Q: Who or what has inspired you to become a mortgage broker? What led you to this industry?
Being made redundant was the catalyst that prompted me to look for other employment opportunities within the finance sector. In hindsight being made redundant was the best thing that could have happened - although it didn't feel like it at the time.
Q: What is the best part of being a broker?
People! Assisting people with solutions is the best part of being a broker. That might range from helping a client out of serious financial trouble, assisting with the purchase of a motor vehicle, purchasing a first home or purchasing the tenth home, or even obtaining better interest rates that what the clients own bank had already offered them. All of these are hugely satisfying.
Q: What’s the hardest, most challenging part?
I think sourcing and having the right finance package approved on the best possible terms and from the right lender. That's the most challenging and the most rewarding really.
Q: What do you think has been the secret to your professional success?

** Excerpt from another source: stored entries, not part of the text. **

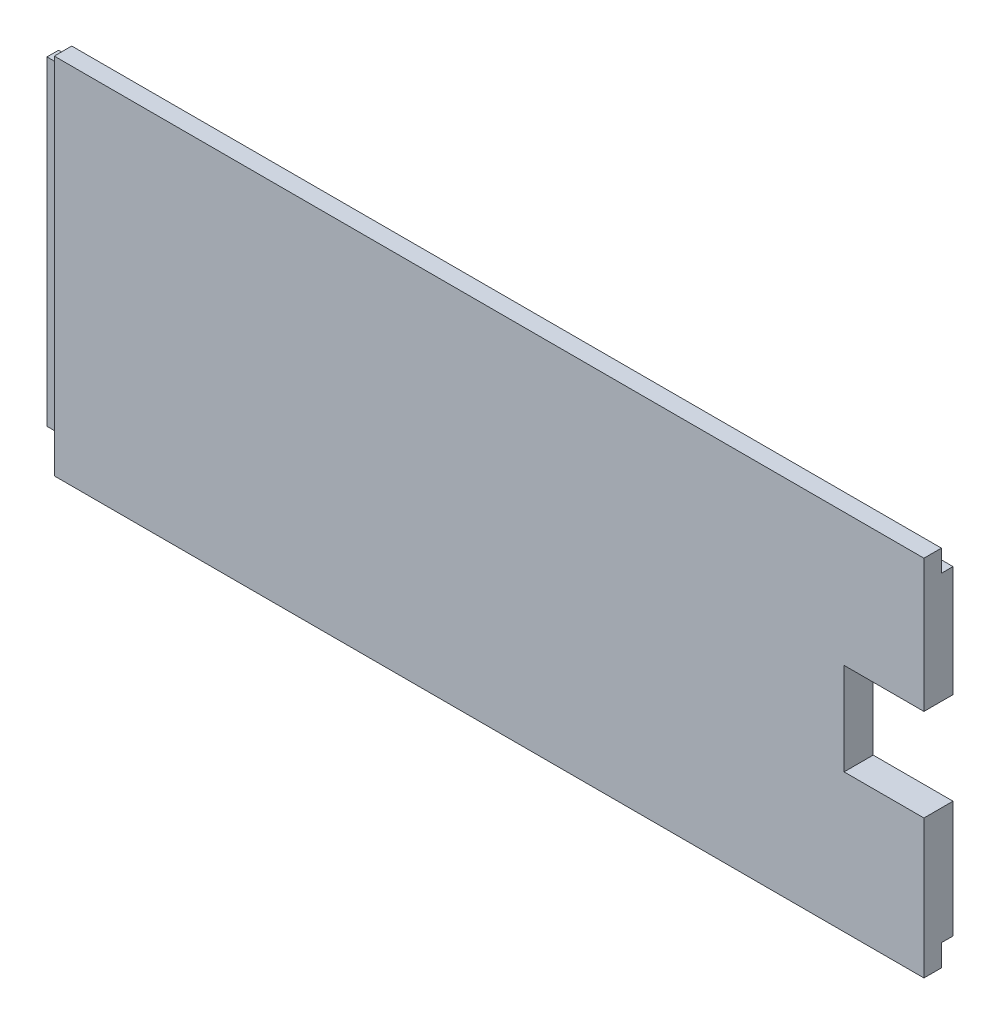
ISO-10303-21;
HEADER;
FILE_DESCRIPTION(('STEP AP214'),'2;1');
FILE_NAME('part.step','',(''),(''),'','','');
FILE_SCHEMA(('AUTOMOTIVE_DESIGN { 1 0 10303 214 1 1 1 1 }'));
ENDSEC;
DATA;
#1=APPLICATION_CONTEXT('core data for automotive mechanical design processes');
#2=APPLICATION_PROTOCOL_DEFINITION('international standard','automotive_design',2000,#1);
#3=PRODUCT_CONTEXT('',#1,'mechanical');
#4=PRODUCT('Part','Part','',(#3));
#5=PRODUCT_RELATED_PRODUCT_CATEGORY('part','',(#4));
#6=PRODUCT_DEFINITION_FORMATION('','',#4);
#7=PRODUCT_DEFINITION_CONTEXT('part definition',#1,'design');
#8=PRODUCT_DEFINITION('design','',#6,#7);
#9=PRODUCT_DEFINITION_SHAPE('','',#8);
#10=(LENGTH_UNIT() NAMED_UNIT(*) SI_UNIT(.MILLI.,.METRE.));
#11=(NAMED_UNIT(*) PLANE_ANGLE_UNIT() SI_UNIT($,.RADIAN.));
#12=(NAMED_UNIT(*) SI_UNIT($,.STERADIAN.) SOLID_ANGLE_UNIT());
#13=UNCERTAINTY_MEASURE_WITH_UNIT(LENGTH_MEASURE(1.E-05),#10,'distance_accuracy_value','');
#14=(GEOMETRIC_REPRESENTATION_CONTEXT(3) GLOBAL_UNCERTAINTY_ASSIGNED_CONTEXT((#13)) GLOBAL_UNIT_ASSIGNED_CONTEXT((#10,
#11,#12)) REPRESENTATION_CONTEXT('',''));
#15=CARTESIAN_POINT('',(0.,0.,0.));
#16=DIRECTION('',(0.,0.,1.));
#17=DIRECTION('',(1.,0.,0.));
#18=AXIS2_PLACEMENT_3D('',#15,#16,#17);
#19=CARTESIAN_POINT('',(153.914845761388,-5.35693257759517,2.032));
#20=DIRECTION('',(-1.,0.,0.));
#21=DIRECTION('',(0.,0.,1.));
#22=AXIS2_PLACEMENT_3D('',#19,#20,#21);
#23=PLANE('',#22);
#24=DIRECTION('',(0.,1.,0.));
#25=VECTOR('',#24,1.);
#26=CARTESIAN_POINT('',(153.914845761388,-5.35693257759517,0.));
#27=LINE('',#26,#25);
#28=CARTESIAN_POINT('',(153.914845761388,-5.35693257759517,0.));
#29=VERTEX_POINT('',#28);
#30=CARTESIAN_POINT('',(153.914845761388,15.0372109981565,0.));
#31=VERTEX_POINT('',#30);
#32=EDGE_CURVE('E166',#29,#31,#27,.T.);
#33=ORIENTED_EDGE('',*,*,#32,.T.);
#34=DIRECTION('',(0.,0.,1.));
#35=VECTOR('',#34,1.);
#36=CARTESIAN_POINT('',(153.914845761388,15.0372109981565,0.));
#37=LINE('',#36,#35);
#38=CARTESIAN_POINT('',(153.914845761388,15.0372109981565,5.08));
#39=VERTEX_POINT('',#38);
#40=EDGE_CURVE('E262',#31,#39,#37,.T.);
#41=ORIENTED_EDGE('',*,*,#40,.T.);
#42=DIRECTION('',(0.,1.,0.));
#43=VECTOR('',#42,1.);
#44=CARTESIAN_POINT('',(153.914845761388,54.3330674224048,5.08));
#45=LINE('',#44,#43);
#46=CARTESIAN_POINT('',(153.914845761388,-9.16693257759518,5.08));
#47=VERTEX_POINT('',#46);
#48=EDGE_CURVE('E247',#47,#39,#45,.T.);
#49=ORIENTED_EDGE('',*,*,#48,.F.);
#50=DIRECTION('',(0.,0.,-1.));
#51=VECTOR('',#50,1.);
#52=CARTESIAN_POINT('',(153.914845761388,-9.16693257759518,5.08));
#53=LINE('',#52,#51);
#54=CARTESIAN_POINT('',(153.914845761388,-9.16693257759518,2.032));
#55=VERTEX_POINT('',#54);
#56=EDGE_CURVE('E208',#47,#55,#53,.T.);
#57=ORIENTED_EDGE('',*,*,#56,.T.);
#58=DIRECTION('',(0.,1.,0.));
#59=VECTOR('',#58,1.);
#60=CARTESIAN_POINT('',(153.914845761388,54.3330674224048,2.032));
#61=LINE('',#60,#59);
#62=CARTESIAN_POINT('',(153.914845761388,-5.35693257759517,2.032));
#63=VERTEX_POINT('',#62);
#64=EDGE_CURVE('E236',#55,#63,#61,.T.);
#65=ORIENTED_EDGE('',*,*,#64,.T.);
#66=DIRECTION('',(0.,0.,-1.));
#67=VECTOR('',#66,1.);
#68=CARTESIAN_POINT('',(153.914845761388,-5.35693257759517,2.032));
#69=LINE('',#68,#67);
#70=EDGE_CURVE('E186',#63,#29,#69,.T.);
#71=ORIENTED_EDGE('',*,*,#70,.T.);
#72=EDGE_LOOP('',(#33,#41,#49,#57,#65,#71));
#73=FACE_BOUND('',#72,.T.);
#74=ADVANCED_FACE('F43',(#73),#23,.F.);
#75=CARTESIAN_POINT('',(0.,0.,2.032));
#76=DIRECTION('',(0.,0.,-1.));
#77=DIRECTION('',(-1.,0.,0.));
#78=AXIS2_PLACEMENT_3D('',#75,#76,#77);
#79=PLANE('',#78);
#80=DIRECTION('',(0.,-1.,0.));
#81=VECTOR('',#80,1.);
#82=CARTESIAN_POINT('',(2.02607794983212,54.3330674224048,2.032));
#83=LINE('',#82,#81);
#84=CARTESIAN_POINT('',(2.02607794983212,50.5230674224048,2.032));
#85=VERTEX_POINT('',#84);
#86=CARTESIAN_POINT('',(2.02607794983212,-5.35693257759515,2.032));
#87=VERTEX_POINT('',#86);
#88=EDGE_CURVE('E11',#85,#87,#83,.T.);
#89=ORIENTED_EDGE('',*,*,#88,.F.);
#90=DIRECTION('',(-1.,0.,0.));
#91=VECTOR('',#90,1.);
#92=CARTESIAN_POINT('',(-2.29515423861217,50.5230674224048,2.032));
#93=LINE('',#92,#91);
#94=CARTESIAN_POINT('',(-2.29515423861217,50.5230674224048,2.032));
#95=VERTEX_POINT('',#94);
#96=EDGE_CURVE('E214',#85,#95,#93,.T.);
#97=ORIENTED_EDGE('',*,*,#96,.T.);
#98=DIRECTION('',(0.,-1.,0.));
#99=VECTOR('',#98,1.);
#100=CARTESIAN_POINT('',(-2.29515423861217,-5.35693257759517,2.032));
#101=LINE('',#100,#99);
#102=CARTESIAN_POINT('',(-2.29515423861217,-5.35693257759517,2.032));
#103=VERTEX_POINT('',#102);
#104=EDGE_CURVE('E178',#95,#103,#101,.T.);
#105=ORIENTED_EDGE('',*,*,#104,.T.);
#106=DIRECTION('',(1.,0.,0.));
#107=VECTOR('',#106,1.);
#108=CARTESIAN_POINT('',(-2.29515423861217,-5.35693257759517,2.032));
#109=LINE('',#108,#107);
#110=EDGE_CURVE('E199',#103,#87,#109,.T.);
#111=ORIENTED_EDGE('',*,*,#110,.T.);
#112=EDGE_LOOP('',(#89,#97,#105,#111));
#113=FACE_BOUND('',#112,.T.);
#114=ADVANCED_FACE('F301',(#113),#79,.F.);
#115=CARTESIAN_POINT('',(-2.29515423861217,-5.35693257759517,2.032));
#116=DIRECTION('',(1.,0.,0.));
#117=DIRECTION('',(0.,0.,-1.));
#118=AXIS2_PLACEMENT_3D('',#115,#116,#117);
#119=PLANE('',#118);
#120=DIRECTION('',(0.,-1.,0.));
#121=VECTOR('',#120,1.);
#122=CARTESIAN_POINT('',(-2.29515423861217,-5.35693257759517,0.));
#123=LINE('',#122,#121);
#124=CARTESIAN_POINT('',(-2.29515423861217,50.5230674224048,0.));
#125=VERTEX_POINT('',#124);
#126=CARTESIAN_POINT('',(-2.29515423861217,-5.35693257759517,0.));
#127=VERTEX_POINT('',#126);
#128=EDGE_CURVE('E172',#125,#127,#123,.T.);
#129=ORIENTED_EDGE('',*,*,#128,.T.);
#130=DIRECTION('',(0.,0.,-1.));
#131=VECTOR('',#130,1.);
#132=CARTESIAN_POINT('',(-2.29515423861217,-5.35693257759517,2.032));
#133=LINE('',#132,#131);
#134=EDGE_CURVE('E47',#103,#127,#133,.T.);
#135=ORIENTED_EDGE('',*,*,#134,.F.);
#136=ORIENTED_EDGE('',*,*,#104,.F.);
#137=DIRECTION('',(0.,0.,-1.));
#138=VECTOR('',#137,1.);
#139=CARTESIAN_POINT('',(-2.29515423861217,50.5230674224048,2.032));
#140=LINE('',#139,#138);
#141=EDGE_CURVE('E179',#95,#125,#140,.T.);
#142=ORIENTED_EDGE('',*,*,#141,.T.);
#143=EDGE_LOOP('',(#129,#135,#136,#142));
#144=FACE_BOUND('',#143,.T.);
#145=ADVANCED_FACE('F45',(#144),#119,.F.);
#146=CARTESIAN_POINT('',(-2.29515423861217,-5.35693257759517,2.032));
#147=DIRECTION('',(0.,1.,0.));
#148=DIRECTION('',(0.,0.,1.));
#149=AXIS2_PLACEMENT_3D('',#146,#147,#148);
#150=PLANE('',#149);
#151=DIRECTION('',(1.,0.,0.));
#152=VECTOR('',#151,1.);
#153=CARTESIAN_POINT('',(-2.29515423861217,-5.35693257759517,0.));
#154=LINE('',#153,#152);
#155=EDGE_CURVE('E167',#127,#29,#154,.T.);
#156=ORIENTED_EDGE('',*,*,#155,.T.);
#157=ORIENTED_EDGE('',*,*,#70,.F.);
#158=EDGE_CURVE('E217',#87,#63,#109,.T.);
#159=ORIENTED_EDGE('',*,*,#158,.F.);
#160=ORIENTED_EDGE('',*,*,#110,.F.);
#161=ORIENTED_EDGE('',*,*,#134,.T.);
#162=EDGE_LOOP('',(#156,#157,#159,#160,#161));
#163=FACE_BOUND('',#162,.T.);
#164=ADVANCED_FACE('F197',(#163),#150,.F.);
#165=CARTESIAN_POINT('',(153.914845761388,31.1487288611217,5.08));
#166=VERTEX_POINT('',#165);
#167=CARTESIAN_POINT('',(153.914845761388,54.3330674224048,5.08));
#168=VERTEX_POINT('',#167);
#169=EDGE_CURVE('E156',#166,#168,#45,.T.);
#170=ORIENTED_EDGE('',*,*,#169,.F.);
#171=DIRECTION('',(0.,0.,1.));
#172=VECTOR('',#171,1.);
#173=CARTESIAN_POINT('',(153.914845761388,31.1487288611217,0.));
#174=LINE('',#173,#172);
#175=CARTESIAN_POINT('',(153.914845761388,31.1487288611217,0.));
#176=VERTEX_POINT('',#175);
#177=EDGE_CURVE('E62',#176,#166,#174,.T.);
#178=ORIENTED_EDGE('',*,*,#177,.F.);
#179=CARTESIAN_POINT('',(153.914845761388,50.5230674224048,0.));
#180=VERTEX_POINT('',#179);
#181=EDGE_CURVE('E153',#176,#180,#27,.T.);
#182=ORIENTED_EDGE('',*,*,#181,.T.);
#183=DIRECTION('',(0.,0.,-1.));
#184=VECTOR('',#183,1.);
#185=CARTESIAN_POINT('',(153.914845761388,50.5230674224048,2.032));
#186=LINE('',#185,#184);
#187=CARTESIAN_POINT('',(153.914845761388,50.5230674224048,2.032));
#188=VERTEX_POINT('',#187);
#189=EDGE_CURVE('E183',#188,#180,#186,.T.);
#190=ORIENTED_EDGE('',*,*,#189,.F.);
#191=CARTESIAN_POINT('',(153.914845761388,54.3330674224048,2.032));
#192=VERTEX_POINT('',#191);
#193=EDGE_CURVE('E239',#188,#192,#61,.T.);
#194=ORIENTED_EDGE('',*,*,#193,.T.);
#195=DIRECTION('',(0.,0.,-1.));
#196=VECTOR('',#195,1.);
#197=CARTESIAN_POINT('',(153.914845761388,54.3330674224048,5.08));
#198=LINE('',#197,#196);
#199=EDGE_CURVE('E223',#168,#192,#198,.T.);
#200=ORIENTED_EDGE('',*,*,#199,.F.);
#201=EDGE_LOOP('',(#170,#178,#182,#190,#194,#200));
#202=FACE_BOUND('',#201,.T.);
#203=ADVANCED_FACE('F152',(#202),#23,.F.);
#204=CARTESIAN_POINT('',(-2.29515423861217,50.5230674224048,2.032));
#205=DIRECTION('',(0.,-1.,0.));
#206=DIRECTION('',(0.,0.,-1.));
#207=AXIS2_PLACEMENT_3D('',#204,#205,#206);
#208=PLANE('',#207);
#209=DIRECTION('',(-1.,0.,0.));
#210=VECTOR('',#209,1.);
#211=CARTESIAN_POINT('',(-2.29515423861217,50.5230674224048,0.));
#212=LINE('',#211,#210);
#213=EDGE_CURVE('E164',#180,#125,#212,.T.);
#214=ORIENTED_EDGE('',*,*,#213,.T.);
#215=ORIENTED_EDGE('',*,*,#141,.F.);
#216=ORIENTED_EDGE('',*,*,#96,.F.);
#217=EDGE_CURVE('E184',#188,#85,#93,.T.);
#218=ORIENTED_EDGE('',*,*,#217,.F.);
#219=ORIENTED_EDGE('',*,*,#189,.T.);
#220=EDGE_LOOP('',(#214,#215,#216,#218,#219));
#221=FACE_BOUND('',#220,.T.);
#222=ADVANCED_FACE('F304',(#221),#208,.F.);
#223=CARTESIAN_POINT('',(0.,0.,0.));
#224=DIRECTION('',(0.,0.,-1.));
#225=DIRECTION('',(-1.,0.,0.));
#226=AXIS2_PLACEMENT_3D('',#223,#224,#225);
#227=PLANE('',#226);
#228=DIRECTION('',(1.,0.,0.));
#229=VECTOR('',#228,1.);
#230=CARTESIAN_POINT('',(153.914845761388,15.0372109981565,0.));
#231=LINE('',#230,#229);
#232=CARTESIAN_POINT('',(139.973048170908,15.0372109981565,0.));
#233=VERTEX_POINT('',#232);
#234=EDGE_CURVE('E158',#233,#31,#231,.T.);
#235=ORIENTED_EDGE('',*,*,#234,.T.);
#236=ORIENTED_EDGE('',*,*,#32,.F.);
#237=ORIENTED_EDGE('',*,*,#155,.F.);
#238=ORIENTED_EDGE('',*,*,#128,.F.);
#239=ORIENTED_EDGE('',*,*,#213,.F.);
#240=ORIENTED_EDGE('',*,*,#181,.F.);
#241=DIRECTION('',(-1.,0.,0.));
#242=VECTOR('',#241,1.);
#243=CARTESIAN_POINT('',(153.914845761388,31.1487288611217,0.));
#244=LINE('',#243,#242);
#245=CARTESIAN_POINT('',(139.973048170908,31.1487288611217,0.));
#246=VERTEX_POINT('',#245);
#247=EDGE_CURVE('E139',#176,#246,#244,.T.);
#248=ORIENTED_EDGE('',*,*,#247,.T.);
#249=DIRECTION('',(0.,-1.,0.));
#250=VECTOR('',#249,1.);
#251=CARTESIAN_POINT('',(139.973048170908,15.0372109981565,0.));
#252=LINE('',#251,#250);
#253=EDGE_CURVE('E147',#246,#233,#252,.T.);
#254=ORIENTED_EDGE('',*,*,#253,.T.);
#255=EDGE_LOOP('',(#235,#236,#237,#238,#239,#240,#248,#254));
#256=FACE_BOUND('',#255,.T.);
#257=ADVANCED_FACE('F162',(#256),#227,.T.);
#258=CARTESIAN_POINT('',(0.,0.,2.032));
#259=DIRECTION('',(0.,0.,1.));
#260=DIRECTION('',(1.,0.,0.));
#261=AXIS2_PLACEMENT_3D('',#258,#259,#260);
#262=PLANE('',#261);
#263=CARTESIAN_POINT('',(2.02607794983212,-9.16693257759518,2.032));
#264=VERTEX_POINT('',#263);
#265=EDGE_CURVE('E55',#87,#264,#83,.T.);
#266=ORIENTED_EDGE('',*,*,#265,.F.);
#267=ORIENTED_EDGE('',*,*,#158,.T.);
#268=ORIENTED_EDGE('',*,*,#64,.F.);
#269=DIRECTION('',(1.,0.,0.));
#270=VECTOR('',#269,1.);
#271=CARTESIAN_POINT('',(2.02607794983212,-9.16693257759518,2.032));
#272=LINE('',#271,#270);
#273=EDGE_CURVE('E240',#264,#55,#272,.T.);
#274=ORIENTED_EDGE('',*,*,#273,.F.);
#275=EDGE_LOOP('',(#266,#267,#268,#274));
#276=FACE_BOUND('',#275,.T.);
#277=ADVANCED_FACE('F298',(#276),#262,.F.);
#278=ORIENTED_EDGE('',*,*,#193,.F.);
#279=ORIENTED_EDGE('',*,*,#217,.T.);
#280=CARTESIAN_POINT('',(2.02607794983212,54.3330674224048,2.032));
#281=VERTEX_POINT('',#280);
#282=EDGE_CURVE('E54',#281,#85,#83,.T.);
#283=ORIENTED_EDGE('',*,*,#282,.F.);
#284=DIRECTION('',(-1.,0.,0.));
#285=VECTOR('',#284,1.);
#286=CARTESIAN_POINT('',(2.02607794983212,54.3330674224048,2.032));
#287=LINE('',#286,#285);
#288=EDGE_CURVE('E232',#192,#281,#287,.T.);
#289=ORIENTED_EDGE('',*,*,#288,.F.);
#290=EDGE_LOOP('',(#278,#279,#283,#289));
#291=FACE_BOUND('',#290,.T.);
#292=ADVANCED_FACE('F314',(#291),#262,.F.);
#293=CARTESIAN_POINT('',(2.02607794983212,54.3330674224048,5.08));
#294=DIRECTION('',(1.,0.,0.));
#295=DIRECTION('',(0.,0.,-1.));
#296=AXIS2_PLACEMENT_3D('',#293,#294,#295);
#297=PLANE('',#296);
#298=ORIENTED_EDGE('',*,*,#282,.T.);
#299=ORIENTED_EDGE('',*,*,#88,.T.);
#300=ORIENTED_EDGE('',*,*,#265,.T.);
#301=DIRECTION('',(0.,0.,-1.));
#302=VECTOR('',#301,1.);
#303=CARTESIAN_POINT('',(2.02607794983212,-9.16693257759518,5.08));
#304=LINE('',#303,#302);
#305=CARTESIAN_POINT('',(2.02607794983212,-9.16693257759518,5.08));
#306=VERTEX_POINT('',#305);
#307=EDGE_CURVE('E205',#306,#264,#304,.T.);
#308=ORIENTED_EDGE('',*,*,#307,.F.);
#309=DIRECTION('',(0.,-1.,0.));
#310=VECTOR('',#309,1.);
#311=CARTESIAN_POINT('',(2.02607794983212,54.3330674224048,5.08));
#312=LINE('',#311,#310);
#313=CARTESIAN_POINT('',(2.02607794983212,54.3330674224048,5.08));
#314=VERTEX_POINT('',#313);
#315=EDGE_CURVE('E235',#314,#306,#312,.T.);
#316=ORIENTED_EDGE('',*,*,#315,.F.);
#317=DIRECTION('',(0.,0.,-1.));
#318=VECTOR('',#317,1.);
#319=CARTESIAN_POINT('',(2.02607794983212,54.3330674224048,5.08));
#320=LINE('',#319,#318);
#321=EDGE_CURVE('E227',#314,#281,#320,.T.);
#322=ORIENTED_EDGE('',*,*,#321,.T.);
#323=EDGE_LOOP('',(#298,#299,#300,#308,#316,#322));
#324=FACE_BOUND('',#323,.T.);
#325=ADVANCED_FACE('F316',(#324),#297,.F.);
#326=CARTESIAN_POINT('',(2.02607794983212,-9.16693257759518,5.08));
#327=DIRECTION('',(0.,1.,0.));
#328=DIRECTION('',(0.,0.,1.));
#329=AXIS2_PLACEMENT_3D('',#326,#327,#328);
#330=PLANE('',#329);
#331=ORIENTED_EDGE('',*,*,#273,.T.);
#332=ORIENTED_EDGE('',*,*,#56,.F.);
#333=DIRECTION('',(1.,0.,0.));
#334=VECTOR('',#333,1.);
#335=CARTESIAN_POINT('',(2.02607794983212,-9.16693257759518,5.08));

Having a tried and tested process that I've perfected over 18 years and repeat every single day. That includes being very well prepared before I go out to any appointment, being on time, being professional and non-judgemental.
Q: As an experienced broker, what still surprises you when meeting clients?
It’s my view that the young people have become too comfortable with high levels of debt in order to satisfy wants over needs and more seriously, and that credit providers are clearly not establishing the creditworthiness of credit seekers before approving large credit card limits.
Q: What was your most memorable client experience?
It involved a couple who called to cancel all of their insurances. A short time after encouraging the husband to at least retain his life cover and trauma cover, he suffered a major heart attack and received a $286,000 benefit payment, which allowed him to become debt free, receive successful medical treatment and fully recuperate without any money worries.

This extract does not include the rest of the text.